Everyone loved this burger. I have no doubt that whether it was the Peeler Farms or the H-E-B grass-fed beef, the caramelized onions enhanced the beef flavor, perhaps more subtly than the Texas Monk. It also added a velvety richness, a chef’s kiss because this is after all a Texas Chef’s Cheeseburger.

“The beef has to be substantial,” Evan said. In other words, the beef-to-bun ratio should favor the beef, but the burger needs to still fit the dimensions of the bun. A 4” diameter bun with a 4” diameter and 3/4” thick patty is key.

So, either the Texas Monk or the Texas Chef’s Cheeseburger are good directions to honor the classic Texas cheeseburger, and both are very achievable for the backyard chef.
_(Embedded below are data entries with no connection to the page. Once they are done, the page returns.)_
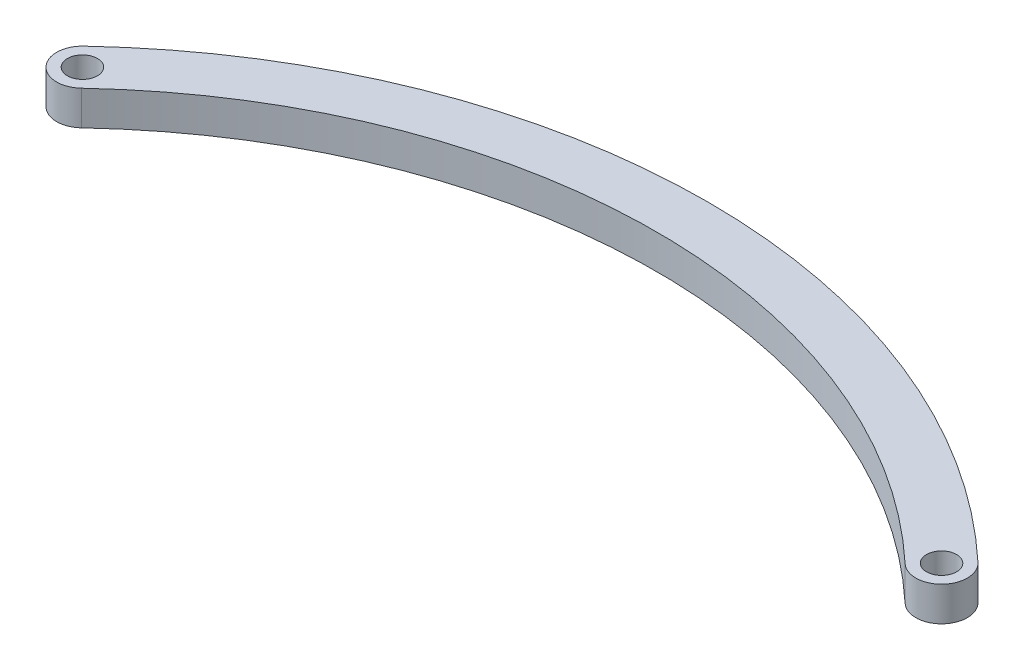
SolidWorks part; units mm, degrees
ref_plane "Front Plane" through (0, 0, 0) normal (0, 0, 1) x (1, 0, 0)
ref_plane "Top Plane" through (0, 0, 0) normal (0, 1, 0) x (1, 0, 0)
ref_plane "Right Plane" through (0, 0, 0) normal (1, 0, 0) x (0, 0, -1)
sketch "Esquisse1" plane through (0, 0, 0) normal (0, 1, 0) x (1, 0, 0)
  line L0 (-50, 0) -> (0, 0) construction
  line L1 (0, 0) -> (50, 0) construction
  circle A0 centre (-50, 0) radius 1.75
  circle A1 centre (50, 0) radius 1.75
  circle A2 centre (-50, 0) radius 3
  circle A3 centre (50, 0) radius 3
  circle A4 centre (0, -53.1883) radius 70
  circle A5 centre (0, -53.1883) radius 76
  dimension "D2" = 3.5
  dimension "D3" = 6
  dimension "D4" = 140
  dimension "D5" = 152
  dimension "D1" = 50
extrude "Boss.-Extru.1" add sketch "Esquisse1" along normal blind 4 contours A3 A5 A2 A4 | A2 A0 | A3 A1
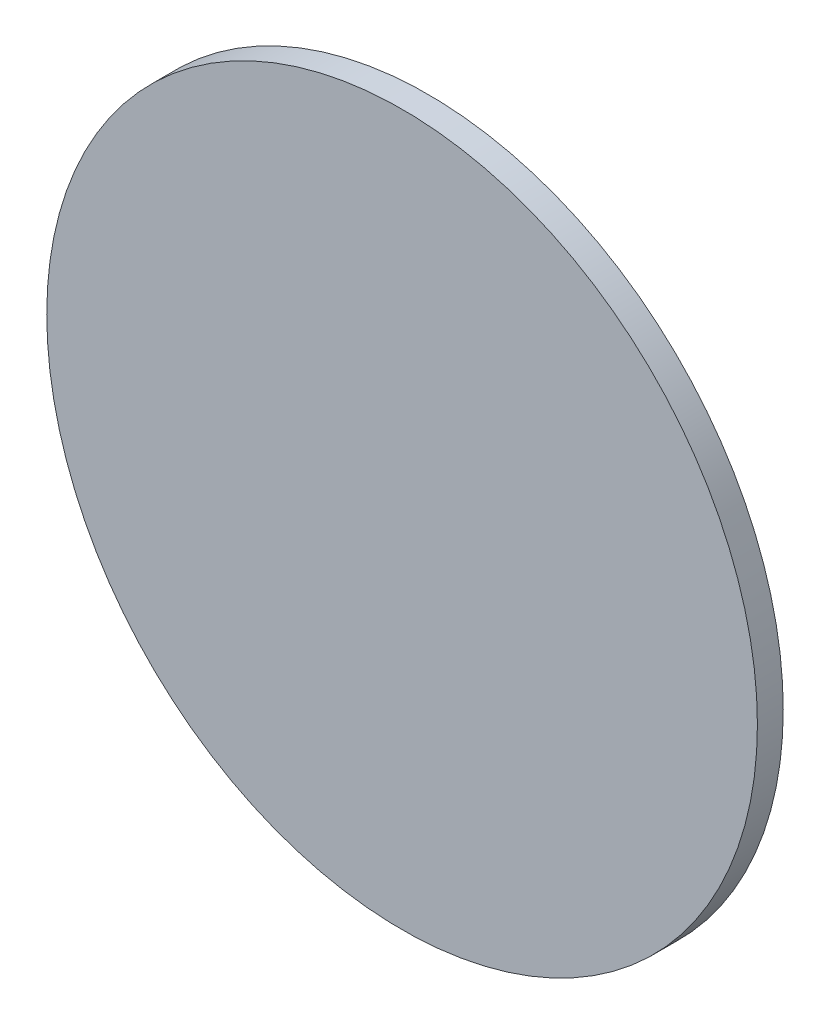
SolidWorks part; units mm, degrees
material "6061-T6 (SS)"
ref_plane "Front Plane" through (0, 0, 0) normal (0, 0, 1) x (1, 0, 0)
ref_plane "Top Plane" through (0, 0, 0) normal (0, 1, 0) x (1, 0, 0)
ref_plane "Right Plane" through (0, 0, 0) normal (1, 0, 0) x (0, 0, -1)
sketch "Sketch1" plane through (0, 0, 0) normal (0, 0, 1) x (1, 0, 0)
  circle A0 centre (0, 0) radius 82.55
  dimension "D1" = 165.1
extrude "Boss-Extrude1" add sketch "Sketch1" along normal blind 6

I’ll only add this: Seek out the best beef from a reputable local rancher. It really makes a difference.

If you choose to try the Big Tex, remember you need a cast-iron pan. You can’t smash on grill grates unless you want to watch the coals eat your burger. Try to create a two-zone heat set-up, meaning a hot side and a medium side. This will help with flare-ups and when you cook a burger past medium.

Like the chefs, I am partial to the Texas Chef’s Cheeseburger. I liked adding the shredded iceberg lettuce for texture. And the caramelized onions make the beef shine. But if you go with the Texas Monk, there’s a good chance you might take a fellow Texan back in time. And that’s the best part about burgers—the years of nostalgia they can unleash.